Walter Vetter is an Honorary Professor at the Queensland Alliance for Environmental Health Sciences. He received a Diploma in Chemistry from the University of Stuttgart, Germany in 1990 and the Doctor grade from the University of Hohenheim, Germany in 1993. A stipend grant from the Royal Norwegian Research Council enabled him to conduct research at the Norwegian Institute of Air Research (1991-1992). From 1993-2002 he was group leader at the Institute of Nutrition at the Friedrich-Schiller-University in Jena (Germany). In 1998 he defended his habilitation (2nd doctoral thesis) in food chemistry. Since 2002 he has held the chair of food chemistry at the University of Hohenheim (Germany).
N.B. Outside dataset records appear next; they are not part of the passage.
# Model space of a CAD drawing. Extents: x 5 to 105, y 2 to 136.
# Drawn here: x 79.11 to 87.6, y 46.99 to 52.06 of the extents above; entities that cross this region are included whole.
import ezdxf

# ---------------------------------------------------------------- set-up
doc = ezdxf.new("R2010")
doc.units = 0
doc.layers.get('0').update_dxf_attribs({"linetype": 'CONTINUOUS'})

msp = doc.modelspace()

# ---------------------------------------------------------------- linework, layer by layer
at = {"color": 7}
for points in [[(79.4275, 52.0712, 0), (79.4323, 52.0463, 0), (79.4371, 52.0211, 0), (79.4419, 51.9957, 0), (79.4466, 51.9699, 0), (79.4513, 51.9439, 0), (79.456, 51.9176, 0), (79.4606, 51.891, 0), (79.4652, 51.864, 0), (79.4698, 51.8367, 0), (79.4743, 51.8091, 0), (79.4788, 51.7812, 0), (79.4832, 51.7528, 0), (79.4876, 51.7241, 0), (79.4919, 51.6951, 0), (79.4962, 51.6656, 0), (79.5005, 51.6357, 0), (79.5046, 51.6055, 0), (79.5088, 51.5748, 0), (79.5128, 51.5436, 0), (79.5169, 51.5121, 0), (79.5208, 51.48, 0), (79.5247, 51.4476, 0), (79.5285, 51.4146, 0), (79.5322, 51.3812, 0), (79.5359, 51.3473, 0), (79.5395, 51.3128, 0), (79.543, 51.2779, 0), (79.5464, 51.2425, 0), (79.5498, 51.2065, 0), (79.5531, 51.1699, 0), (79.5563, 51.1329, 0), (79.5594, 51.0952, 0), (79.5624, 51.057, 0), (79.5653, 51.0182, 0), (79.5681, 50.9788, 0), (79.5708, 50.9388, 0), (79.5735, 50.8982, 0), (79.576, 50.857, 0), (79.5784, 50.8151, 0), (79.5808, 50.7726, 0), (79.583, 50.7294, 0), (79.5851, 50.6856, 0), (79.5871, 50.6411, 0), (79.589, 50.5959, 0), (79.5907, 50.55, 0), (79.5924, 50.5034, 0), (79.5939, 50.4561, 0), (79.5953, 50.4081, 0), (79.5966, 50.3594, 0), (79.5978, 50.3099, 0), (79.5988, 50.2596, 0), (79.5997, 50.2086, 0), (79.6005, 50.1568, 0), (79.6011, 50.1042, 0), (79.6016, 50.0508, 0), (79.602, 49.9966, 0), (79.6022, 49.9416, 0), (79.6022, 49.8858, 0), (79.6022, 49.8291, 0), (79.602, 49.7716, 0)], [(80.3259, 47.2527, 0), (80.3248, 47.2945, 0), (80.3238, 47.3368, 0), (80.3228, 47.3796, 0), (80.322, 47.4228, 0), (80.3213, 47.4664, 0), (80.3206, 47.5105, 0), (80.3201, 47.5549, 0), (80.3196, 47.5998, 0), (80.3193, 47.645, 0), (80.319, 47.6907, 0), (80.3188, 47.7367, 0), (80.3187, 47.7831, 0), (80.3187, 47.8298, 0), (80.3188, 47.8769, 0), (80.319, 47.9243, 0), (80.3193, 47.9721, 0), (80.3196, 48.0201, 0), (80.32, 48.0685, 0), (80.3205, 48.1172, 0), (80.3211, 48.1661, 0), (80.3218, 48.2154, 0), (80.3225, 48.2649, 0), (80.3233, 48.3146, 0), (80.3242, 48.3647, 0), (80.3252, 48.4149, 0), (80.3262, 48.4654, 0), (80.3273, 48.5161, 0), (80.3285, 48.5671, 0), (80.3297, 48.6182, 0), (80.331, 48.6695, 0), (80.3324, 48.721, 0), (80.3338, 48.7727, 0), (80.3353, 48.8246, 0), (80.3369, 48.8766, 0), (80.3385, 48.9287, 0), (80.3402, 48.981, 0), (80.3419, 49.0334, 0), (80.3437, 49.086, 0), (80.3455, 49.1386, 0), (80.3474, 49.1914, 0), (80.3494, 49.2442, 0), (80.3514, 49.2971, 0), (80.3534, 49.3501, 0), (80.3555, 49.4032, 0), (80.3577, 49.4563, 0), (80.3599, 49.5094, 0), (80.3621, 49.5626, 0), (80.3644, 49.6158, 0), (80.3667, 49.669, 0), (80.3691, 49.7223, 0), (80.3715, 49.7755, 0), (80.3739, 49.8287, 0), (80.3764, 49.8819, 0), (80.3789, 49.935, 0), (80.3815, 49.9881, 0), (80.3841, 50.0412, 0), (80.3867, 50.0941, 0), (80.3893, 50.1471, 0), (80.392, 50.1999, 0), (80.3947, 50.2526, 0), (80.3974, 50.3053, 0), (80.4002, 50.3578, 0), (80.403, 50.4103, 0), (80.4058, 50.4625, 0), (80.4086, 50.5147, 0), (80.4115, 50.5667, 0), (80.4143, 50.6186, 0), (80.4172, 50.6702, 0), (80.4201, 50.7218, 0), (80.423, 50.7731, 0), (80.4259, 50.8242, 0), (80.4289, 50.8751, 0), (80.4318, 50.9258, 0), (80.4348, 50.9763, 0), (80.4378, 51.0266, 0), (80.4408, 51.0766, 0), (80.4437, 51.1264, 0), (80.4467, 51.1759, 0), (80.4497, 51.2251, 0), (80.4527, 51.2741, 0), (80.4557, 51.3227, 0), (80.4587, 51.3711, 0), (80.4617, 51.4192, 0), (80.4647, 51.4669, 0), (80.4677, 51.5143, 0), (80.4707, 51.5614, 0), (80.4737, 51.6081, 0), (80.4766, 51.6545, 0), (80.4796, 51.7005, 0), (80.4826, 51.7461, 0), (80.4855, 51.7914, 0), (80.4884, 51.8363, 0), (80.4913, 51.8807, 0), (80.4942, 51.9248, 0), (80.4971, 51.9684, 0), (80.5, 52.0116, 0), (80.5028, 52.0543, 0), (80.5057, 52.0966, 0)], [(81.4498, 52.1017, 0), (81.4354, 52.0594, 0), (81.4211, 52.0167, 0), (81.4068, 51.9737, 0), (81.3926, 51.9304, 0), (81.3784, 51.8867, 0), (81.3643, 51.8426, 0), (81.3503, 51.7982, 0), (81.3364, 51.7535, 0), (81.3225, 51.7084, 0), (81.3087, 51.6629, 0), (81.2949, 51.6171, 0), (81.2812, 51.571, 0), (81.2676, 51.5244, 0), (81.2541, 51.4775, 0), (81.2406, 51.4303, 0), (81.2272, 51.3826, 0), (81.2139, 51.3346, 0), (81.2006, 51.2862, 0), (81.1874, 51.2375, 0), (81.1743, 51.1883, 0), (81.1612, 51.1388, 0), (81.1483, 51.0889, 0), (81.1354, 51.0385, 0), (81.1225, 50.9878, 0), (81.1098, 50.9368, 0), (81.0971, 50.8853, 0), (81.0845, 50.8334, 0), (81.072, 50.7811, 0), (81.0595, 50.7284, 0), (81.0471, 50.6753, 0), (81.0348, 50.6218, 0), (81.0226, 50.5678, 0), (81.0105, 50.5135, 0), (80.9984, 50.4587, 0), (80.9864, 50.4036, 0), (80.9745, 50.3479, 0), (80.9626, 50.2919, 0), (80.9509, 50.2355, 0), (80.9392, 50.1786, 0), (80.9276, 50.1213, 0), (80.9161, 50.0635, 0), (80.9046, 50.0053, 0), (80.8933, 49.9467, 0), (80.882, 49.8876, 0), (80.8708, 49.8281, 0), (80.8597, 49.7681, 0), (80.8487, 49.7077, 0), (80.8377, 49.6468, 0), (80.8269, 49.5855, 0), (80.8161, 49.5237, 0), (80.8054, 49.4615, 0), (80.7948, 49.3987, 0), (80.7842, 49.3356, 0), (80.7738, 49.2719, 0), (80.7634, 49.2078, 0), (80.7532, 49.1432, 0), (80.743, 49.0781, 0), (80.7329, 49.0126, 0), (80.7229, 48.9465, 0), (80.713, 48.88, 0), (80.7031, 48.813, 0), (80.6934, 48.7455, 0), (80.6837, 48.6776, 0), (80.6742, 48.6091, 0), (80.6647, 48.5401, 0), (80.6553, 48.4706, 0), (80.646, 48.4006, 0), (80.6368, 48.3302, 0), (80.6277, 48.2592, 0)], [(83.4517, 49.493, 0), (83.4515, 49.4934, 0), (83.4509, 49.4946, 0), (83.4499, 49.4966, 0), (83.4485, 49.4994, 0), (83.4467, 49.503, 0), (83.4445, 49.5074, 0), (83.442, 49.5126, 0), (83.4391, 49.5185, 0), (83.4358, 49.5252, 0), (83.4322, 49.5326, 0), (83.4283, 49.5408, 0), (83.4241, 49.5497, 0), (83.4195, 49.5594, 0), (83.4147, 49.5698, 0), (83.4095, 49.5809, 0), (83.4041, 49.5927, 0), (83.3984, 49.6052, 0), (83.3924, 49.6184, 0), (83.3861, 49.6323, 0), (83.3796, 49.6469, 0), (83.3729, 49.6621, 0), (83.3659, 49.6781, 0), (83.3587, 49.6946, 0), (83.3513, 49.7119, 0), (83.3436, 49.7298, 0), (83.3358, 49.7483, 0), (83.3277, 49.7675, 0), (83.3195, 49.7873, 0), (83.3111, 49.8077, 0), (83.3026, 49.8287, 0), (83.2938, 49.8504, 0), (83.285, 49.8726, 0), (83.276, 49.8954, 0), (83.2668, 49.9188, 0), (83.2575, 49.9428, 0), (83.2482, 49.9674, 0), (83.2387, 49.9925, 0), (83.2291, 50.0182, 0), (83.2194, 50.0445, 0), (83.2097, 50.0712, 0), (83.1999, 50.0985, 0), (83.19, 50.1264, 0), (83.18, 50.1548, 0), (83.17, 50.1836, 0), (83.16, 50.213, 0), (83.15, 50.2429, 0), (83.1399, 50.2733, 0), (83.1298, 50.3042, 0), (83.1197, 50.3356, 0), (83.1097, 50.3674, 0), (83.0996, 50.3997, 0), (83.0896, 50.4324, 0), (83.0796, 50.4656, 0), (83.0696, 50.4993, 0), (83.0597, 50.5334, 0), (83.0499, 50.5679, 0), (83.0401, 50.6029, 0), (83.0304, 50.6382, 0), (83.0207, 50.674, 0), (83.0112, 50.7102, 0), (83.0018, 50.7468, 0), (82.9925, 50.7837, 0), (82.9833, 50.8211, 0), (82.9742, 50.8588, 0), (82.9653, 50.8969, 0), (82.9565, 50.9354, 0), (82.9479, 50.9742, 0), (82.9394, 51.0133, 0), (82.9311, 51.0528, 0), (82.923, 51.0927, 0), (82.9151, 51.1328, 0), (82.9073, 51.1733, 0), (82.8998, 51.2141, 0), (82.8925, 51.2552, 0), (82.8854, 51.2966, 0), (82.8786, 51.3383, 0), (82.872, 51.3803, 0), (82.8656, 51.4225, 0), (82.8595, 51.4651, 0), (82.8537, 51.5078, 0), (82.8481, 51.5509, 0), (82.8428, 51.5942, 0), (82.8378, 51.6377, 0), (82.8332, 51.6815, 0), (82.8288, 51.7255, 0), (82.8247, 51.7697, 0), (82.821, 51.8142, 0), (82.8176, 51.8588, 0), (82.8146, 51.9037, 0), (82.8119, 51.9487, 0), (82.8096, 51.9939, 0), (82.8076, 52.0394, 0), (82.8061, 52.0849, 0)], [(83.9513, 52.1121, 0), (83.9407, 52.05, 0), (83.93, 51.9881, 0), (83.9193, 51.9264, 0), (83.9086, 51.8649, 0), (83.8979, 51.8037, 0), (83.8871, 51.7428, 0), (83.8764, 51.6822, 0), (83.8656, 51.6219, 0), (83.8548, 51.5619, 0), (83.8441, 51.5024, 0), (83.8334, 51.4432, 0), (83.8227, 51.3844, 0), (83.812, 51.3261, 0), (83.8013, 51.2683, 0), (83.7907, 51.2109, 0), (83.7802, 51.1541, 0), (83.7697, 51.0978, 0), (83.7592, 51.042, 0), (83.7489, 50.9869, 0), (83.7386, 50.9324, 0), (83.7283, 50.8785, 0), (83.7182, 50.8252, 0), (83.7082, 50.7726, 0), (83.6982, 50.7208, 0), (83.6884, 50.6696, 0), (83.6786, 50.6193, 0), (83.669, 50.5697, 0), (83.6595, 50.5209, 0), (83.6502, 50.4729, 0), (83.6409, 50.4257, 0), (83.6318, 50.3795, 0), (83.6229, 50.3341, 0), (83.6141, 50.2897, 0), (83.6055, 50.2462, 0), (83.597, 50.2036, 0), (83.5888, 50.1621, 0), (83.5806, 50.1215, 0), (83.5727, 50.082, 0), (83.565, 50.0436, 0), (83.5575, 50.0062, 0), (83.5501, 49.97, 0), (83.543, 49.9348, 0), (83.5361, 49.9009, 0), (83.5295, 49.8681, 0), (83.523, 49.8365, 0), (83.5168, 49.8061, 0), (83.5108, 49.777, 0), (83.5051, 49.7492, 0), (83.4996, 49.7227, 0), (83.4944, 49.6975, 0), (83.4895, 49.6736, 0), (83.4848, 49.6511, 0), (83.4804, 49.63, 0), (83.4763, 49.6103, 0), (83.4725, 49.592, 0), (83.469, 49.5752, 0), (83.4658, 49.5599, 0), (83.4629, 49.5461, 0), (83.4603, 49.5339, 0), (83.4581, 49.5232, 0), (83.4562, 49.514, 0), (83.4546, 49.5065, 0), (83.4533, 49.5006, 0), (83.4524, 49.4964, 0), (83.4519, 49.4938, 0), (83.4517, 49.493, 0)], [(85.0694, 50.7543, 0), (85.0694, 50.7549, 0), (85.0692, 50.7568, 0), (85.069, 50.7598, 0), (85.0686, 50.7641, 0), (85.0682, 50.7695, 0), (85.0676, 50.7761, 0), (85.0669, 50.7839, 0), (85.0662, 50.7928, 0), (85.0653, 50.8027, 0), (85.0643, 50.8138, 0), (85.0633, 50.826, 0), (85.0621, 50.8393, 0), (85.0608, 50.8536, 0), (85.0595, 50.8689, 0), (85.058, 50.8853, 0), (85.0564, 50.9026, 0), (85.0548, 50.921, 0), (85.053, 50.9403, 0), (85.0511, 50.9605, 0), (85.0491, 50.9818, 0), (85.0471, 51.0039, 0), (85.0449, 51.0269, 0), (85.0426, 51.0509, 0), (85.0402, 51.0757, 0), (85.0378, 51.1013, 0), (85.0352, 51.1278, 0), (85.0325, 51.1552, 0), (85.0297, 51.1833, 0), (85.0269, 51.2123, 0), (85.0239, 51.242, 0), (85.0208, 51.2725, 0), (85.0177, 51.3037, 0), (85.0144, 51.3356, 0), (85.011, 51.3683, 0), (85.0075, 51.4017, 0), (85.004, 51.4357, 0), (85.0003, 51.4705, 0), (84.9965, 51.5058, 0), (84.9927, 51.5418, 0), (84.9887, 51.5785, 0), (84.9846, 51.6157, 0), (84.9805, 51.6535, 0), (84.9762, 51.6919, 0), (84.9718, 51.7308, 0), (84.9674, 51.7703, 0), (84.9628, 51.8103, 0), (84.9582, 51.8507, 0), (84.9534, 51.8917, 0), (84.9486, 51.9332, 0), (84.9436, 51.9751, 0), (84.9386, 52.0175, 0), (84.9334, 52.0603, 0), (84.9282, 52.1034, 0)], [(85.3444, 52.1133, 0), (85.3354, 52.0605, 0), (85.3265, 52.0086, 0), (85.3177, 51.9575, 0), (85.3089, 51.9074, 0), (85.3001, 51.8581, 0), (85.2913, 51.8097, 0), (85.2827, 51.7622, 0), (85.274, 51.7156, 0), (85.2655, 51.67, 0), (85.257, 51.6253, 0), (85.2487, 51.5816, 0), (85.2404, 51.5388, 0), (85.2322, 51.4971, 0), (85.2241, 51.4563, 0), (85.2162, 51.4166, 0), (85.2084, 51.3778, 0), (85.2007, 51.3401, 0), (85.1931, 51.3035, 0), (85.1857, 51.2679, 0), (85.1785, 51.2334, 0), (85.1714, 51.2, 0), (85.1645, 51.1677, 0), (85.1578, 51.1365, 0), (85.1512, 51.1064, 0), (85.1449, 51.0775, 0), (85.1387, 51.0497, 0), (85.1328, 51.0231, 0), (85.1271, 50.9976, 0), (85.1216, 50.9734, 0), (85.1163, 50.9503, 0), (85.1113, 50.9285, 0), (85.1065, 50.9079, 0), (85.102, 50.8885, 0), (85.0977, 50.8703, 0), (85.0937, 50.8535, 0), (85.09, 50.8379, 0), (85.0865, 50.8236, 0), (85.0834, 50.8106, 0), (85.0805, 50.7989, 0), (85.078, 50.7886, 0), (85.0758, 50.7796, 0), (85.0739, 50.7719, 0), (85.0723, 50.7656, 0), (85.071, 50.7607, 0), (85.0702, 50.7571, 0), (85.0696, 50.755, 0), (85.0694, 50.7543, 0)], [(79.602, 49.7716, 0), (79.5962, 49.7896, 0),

In 2017, he was appointed as the Director of the Institute of Food Chemistry at his university. His research areas are food, environmental and analytical chemistry and topics include research on halogenated natural products and POPs, lipid analysis, countercurrent chromatography, enantiomer separation and stable isotope analysis. Walter is a founding member and vice-president of the Society of Nutrition and Food Science (snfs.org), and deputy editor-of-chief of NFS Journal. In 2016 he received the Edward Chou Award (Chicago, IL) and in 2018 the Herbert J. Dutton Award (Minneapolis, MN).

Walter Vetter started to collaborate with Caroline Gaus and Jochen Mueller in 2000. Since then they have shared research projects mainly on halogenated natural products. Several researchers from UQ were in Hohenheim and vice versa.